Advanced: Errors & Auditing

#DIV/0!     → dividing by 0 / blank
#N/A        → lookup failed
#REF!       → reference deleted
#VALUE!     → wrong type (text where number expected)
#NAME?      → misspelled function or named range

=IFERROR(VLOOKUP(...), "Not found") =IFNA(XLOOKUP(...), "Missing")

Use Trace Precedents / Trace Dependents (Formulas tab) to see which cells flow into a formula — invaluable for debugging inherited spreadsheets.

Advanced: Tables, Named Ranges, Structured References

Convert your data range to a Table (Ctrl+T). Then formulas become self-documenting:

=SUMIFS(Sales[Amount], Sales[Region], "North")

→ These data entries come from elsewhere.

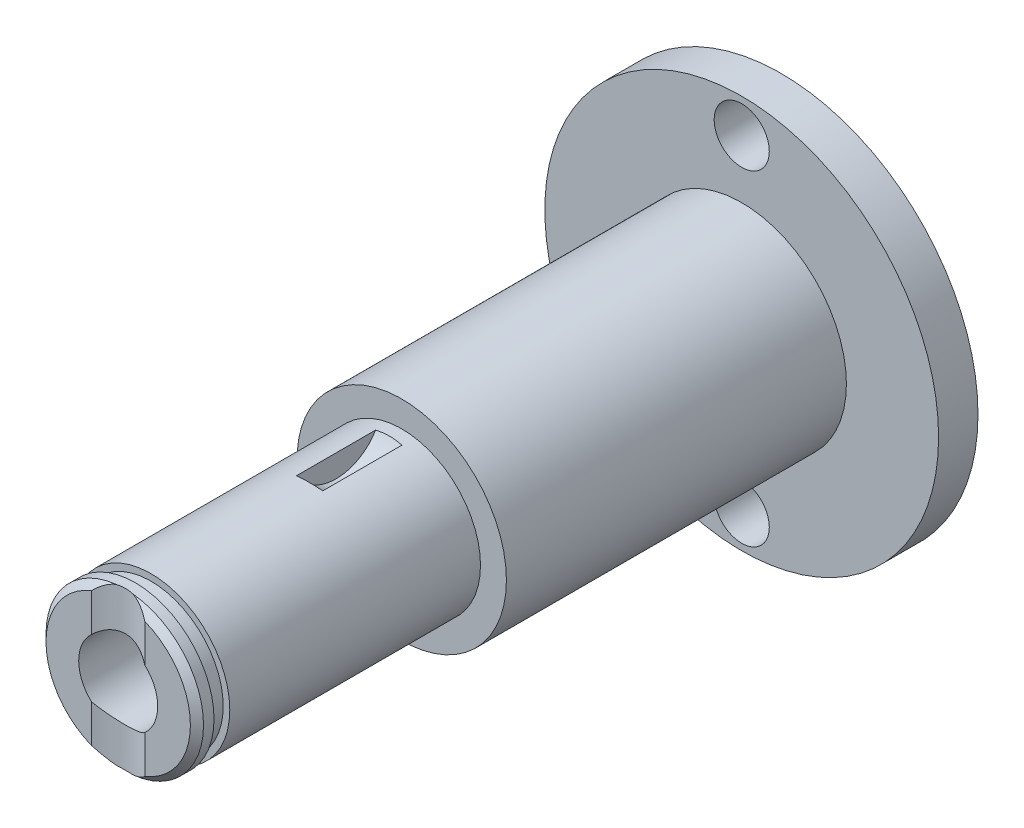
ISO-10303-21;
HEADER;
FILE_DESCRIPTION(('STEP AP214'),'2;1');
FILE_NAME('part.step','',(''),(''),'','','');
FILE_SCHEMA(('AUTOMOTIVE_DESIGN { 1 0 10303 214 1 1 1 1 }'));
ENDSEC;
DATA;
#1=APPLICATION_CONTEXT('core data for automotive mechanical design processes');
#2=APPLICATION_PROTOCOL_DEFINITION('international standard','automotive_design',2000,#1);
#3=PRODUCT_CONTEXT('',#1,'mechanical');
#4=PRODUCT('Part','Part','',(#3));
#5=PRODUCT_RELATED_PRODUCT_CATEGORY('part','',(#4));
#6=PRODUCT_DEFINITION_FORMATION('','',#4);
#7=PRODUCT_DEFINITION_CONTEXT('part definition',#1,'design');
#8=PRODUCT_DEFINITION('design','',#6,#7);
#9=PRODUCT_DEFINITION_SHAPE('','',#8);
#10=(LENGTH_UNIT() NAMED_UNIT(*) SI_UNIT(.MILLI.,.METRE.));
#11=(NAMED_UNIT(*) PLANE_ANGLE_UNIT() SI_UNIT($,.RADIAN.));
#12=(NAMED_UNIT(*) SI_UNIT($,.STERADIAN.) SOLID_ANGLE_UNIT());
#13=UNCERTAINTY_MEASURE_WITH_UNIT(LENGTH_MEASURE(1.E-05),#10,'distance_accuracy_value','');
#14=(GEOMETRIC_REPRESENTATION_CONTEXT(3) GLOBAL_UNCERTAINTY_ASSIGNED_CONTEXT((#13)) GLOBAL_UNIT_ASSIGNED_CONTEXT((#10,
#11,#12)) REPRESENTATION_CONTEXT('',''));
#15=CARTESIAN_POINT('',(0.,0.,0.));
#16=DIRECTION('',(0.,0.,1.));
#17=DIRECTION('',(1.,0.,0.));
#18=AXIS2_PLACEMENT_3D('',#15,#16,#17);
#19=CARTESIAN_POINT('',(-2.22044604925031E-13,-2.22044604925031E-13,47.5));
#20=DIRECTION('',(0.,0.,-1.));
#21=DIRECTION('',(-1.,0.,0.));
#22=AXIS2_PLACEMENT_3D('',#19,#20,#21);
#23=CYLINDRICAL_SURFACE('',#22,6.);
#24=CARTESIAN_POINT('',(-2.22044604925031E-13,0.,25.9));
#25=DIRECTION('',(0.,0.,1.));
#26=DIRECTION('',(1.,0.,0.));
#27=AXIS2_PLACEMENT_3D('',#24,#25,#26);
#28=CIRCLE('',#27,6.);
#29=CARTESIAN_POINT('',(5.99999999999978,0.,25.9));
#30=VERTEX_POINT('',#29);
#31=EDGE_CURVE('E133',#30,#30,#28,.T.);
#32=ORIENTED_EDGE('',*,*,#31,.T.);
#33=EDGE_LOOP('',(#32));
#34=FACE_BOUND('',#33,.T.);
#35=DIRECTION('',(0.,0.,-1.));
#36=VECTOR('',#35,1.);
#37=CARTESIAN_POINT('',(-1.00000000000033,5.91607978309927,47.5));
#38=LINE('',#37,#36);
#39=CARTESIAN_POINT('',(-1.00000000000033,5.91607978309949,26.8887496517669));
#40=VERTEX_POINT('',#39);
#41=CARTESIAN_POINT('',(-1.00000000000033,5.91607978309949,32.9112503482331));
#42=VERTEX_POINT('',#41);
#43=EDGE_CURVE('E111',#40,#42,#38,.F.);
#44=ORIENTED_EDGE('',*,*,#43,.F.);
#45=CARTESIAN_POINT('',(-1.00000000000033,5.91607978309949,26.8887496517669));
#46=CARTESIAN_POINT('',(-0.926439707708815,5.9285143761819,26.8813874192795));
#47=CARTESIAN_POINT('',(-0.852571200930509,5.93958829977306,26.874926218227));
#48=CARTESIAN_POINT('',(-0.704345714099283,5.95898345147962,26.8637207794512));
#49=CARTESIAN_POINT('',(-0.629988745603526,5.96730474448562,26.8589765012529));
#50=CARTESIAN_POINT('',(-0.406292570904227,5.98810079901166,26.8471867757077));
#51=CARTESIAN_POINT('',(-0.256406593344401,5.99639444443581,26.8425920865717));
#52=CARTESIAN_POINT('',(0.0411461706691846,6.00167491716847,26.8396576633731));
#53=CARTESIAN_POINT('',(0.188809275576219,5.99884397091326,26.8412171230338));
#54=CARTESIAN_POINT('',(0.483253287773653,5.98232174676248,26.8504629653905));
#55=CARTESIAN_POINT('',(0.630034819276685,5.96863937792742,26.8581443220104));
#56=CARTESIAN_POINT('',(0.81328199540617,5.9447458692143,26.8719459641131));
#57=CARTESIAN_POINT('',(0.850680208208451,5.93950918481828,26.8749854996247));
#58=CARTESIAN_POINT('',(0.925411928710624,5.9283253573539,26.8815215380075));
#59=CARTESIAN_POINT('',(0.962745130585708,5.92237672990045,26.8850189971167));
#60=CARTESIAN_POINT('',(0.99999999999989,5.91607978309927,26.8887496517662));
#61=B_SPLINE_CURVE_WITH_KNOTS('',3,(#45,#46,#47,#48,#49,#50,#51,#52,#53,#54,#55,#56,#57,#58,#59,
#60),.UNSPECIFIED.,.F.,.F.,(4,2,2,2,2,2,2,4),(0.,0.224857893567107,0.449710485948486,
0.89965480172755,1.34225977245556,1.78450173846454,1.89815161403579,2.01204271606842),.UNSPECIFIED.);
#62=CARTESIAN_POINT('',(0.99999999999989,5.91607978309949,26.8887496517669));
#63=VERTEX_POINT('',#62);
#64=EDGE_CURVE('E165',#40,#63,#61,.T.);
#65=ORIENTED_EDGE('',*,*,#64,.T.);
#66=DIRECTION('',(0.,0.,-1.));
#67=VECTOR('',#66,1.);
#68=CARTESIAN_POINT('',(0.99999999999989,5.91607978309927,47.5));
#69=LINE('',#68,#67);
#70=CARTESIAN_POINT('',(0.99999999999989,5.91607978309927,32.9112503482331));
#71=VERTEX_POINT('',#70);
#72=EDGE_CURVE('E154',#63,#71,#69,.F.);
#73=ORIENTED_EDGE('',*,*,#72,.T.);
#74=CARTESIAN_POINT('',(0.99999999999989,5.91607978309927,32.9112503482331));
#75=CARTESIAN_POINT('',(0.926439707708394,5.92851437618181,32.9186125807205));
#76=CARTESIAN_POINT('',(0.852571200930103,5.93958829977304,32.925073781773));
#77=CARTESIAN_POINT('',(0.704345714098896,5.95898345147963,32.9362792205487));
#78=CARTESIAN_POINT('',(0.629988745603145,5.96730474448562,32.941023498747));
#79=CARTESIAN_POINT('',(0.40629257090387,5.98810079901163,32.9528132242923));
#80=CARTESIAN_POINT('',(0.256406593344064,5.9963944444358,32.9574079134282));
#81=CARTESIAN_POINT('',(-0.0411461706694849,6.00167491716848,32.9603423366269));
#82=CARTESIAN_POINT('',(-0.188809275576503,5.99884397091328,32.9587828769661));
#83=CARTESIAN_POINT('',(-0.483253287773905,5.98232174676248,32.9495370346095));
#84=CARTESIAN_POINT('',(-0.630034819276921,5.96863937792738,32.9418556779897));
#85=CARTESIAN_POINT('',(-0.813281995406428,5.94474586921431,32.9280540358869));
#86=CARTESIAN_POINT('',(-0.850680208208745,5.93950918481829,32.9250145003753));
#87=CARTESIAN_POINT('',(-0.925411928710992,5.92832535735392,32.9184784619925));
#88=CARTESIAN_POINT('',(-0.962745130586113,5.92237672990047,32.9149810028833));
#89=CARTESIAN_POINT('',(-1.00000000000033,5.91607978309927,32.9112503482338));
#90=B_SPLINE_CURVE_WITH_KNOTS('',3,(#74,#75,#76,#77,#78,#79,#80,#81,#82,#83,#84,#85,#86,#87,#88,
#89),.UNSPECIFIED.,.F.,.F.,(4,2,2,2,2,2,2,4),(0.,0.224857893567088,0.449710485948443,
0.899654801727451,1.34225977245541,1.78450173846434,1.8981516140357,2.01204271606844),.UNSPECIFIED.);
#91=EDGE_CURVE('E157',#71,#42,#90,.T.);
#92=ORIENTED_EDGE('',*,*,#91,.T.);
#93=EDGE_LOOP('',(#44,#65,#73,#92));
#94=FACE_BOUND('',#93,.T.);
#95=CARTESIAN_POINT('',(-2.22044604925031E-13,0.,45.));
#96=DIRECTION('',(0.,0.,1.));
#97=DIRECTION('',(1.,0.,0.));
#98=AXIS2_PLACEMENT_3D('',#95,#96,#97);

Tables auto-expand, named ranges replace cryptic $D$1:$D$10000, and pivot tables / charts pointing at a Table refresh cleanly.

Practice Path

1. Build a sales sheet with 200 rows; compute totals, averages, top-5 per region using SUMIFS + SORT + FILTER. 2. Replace one nested IF chain with IFS and one VLOOKUP with XLOOKUP. 3. Add an input cell for tax rate and reference it everywhere with $D$1 — change it once, watch the whole sheet recompute. 4. Convert the data to a Table, name the ranges, rebuild a key formula using structured references.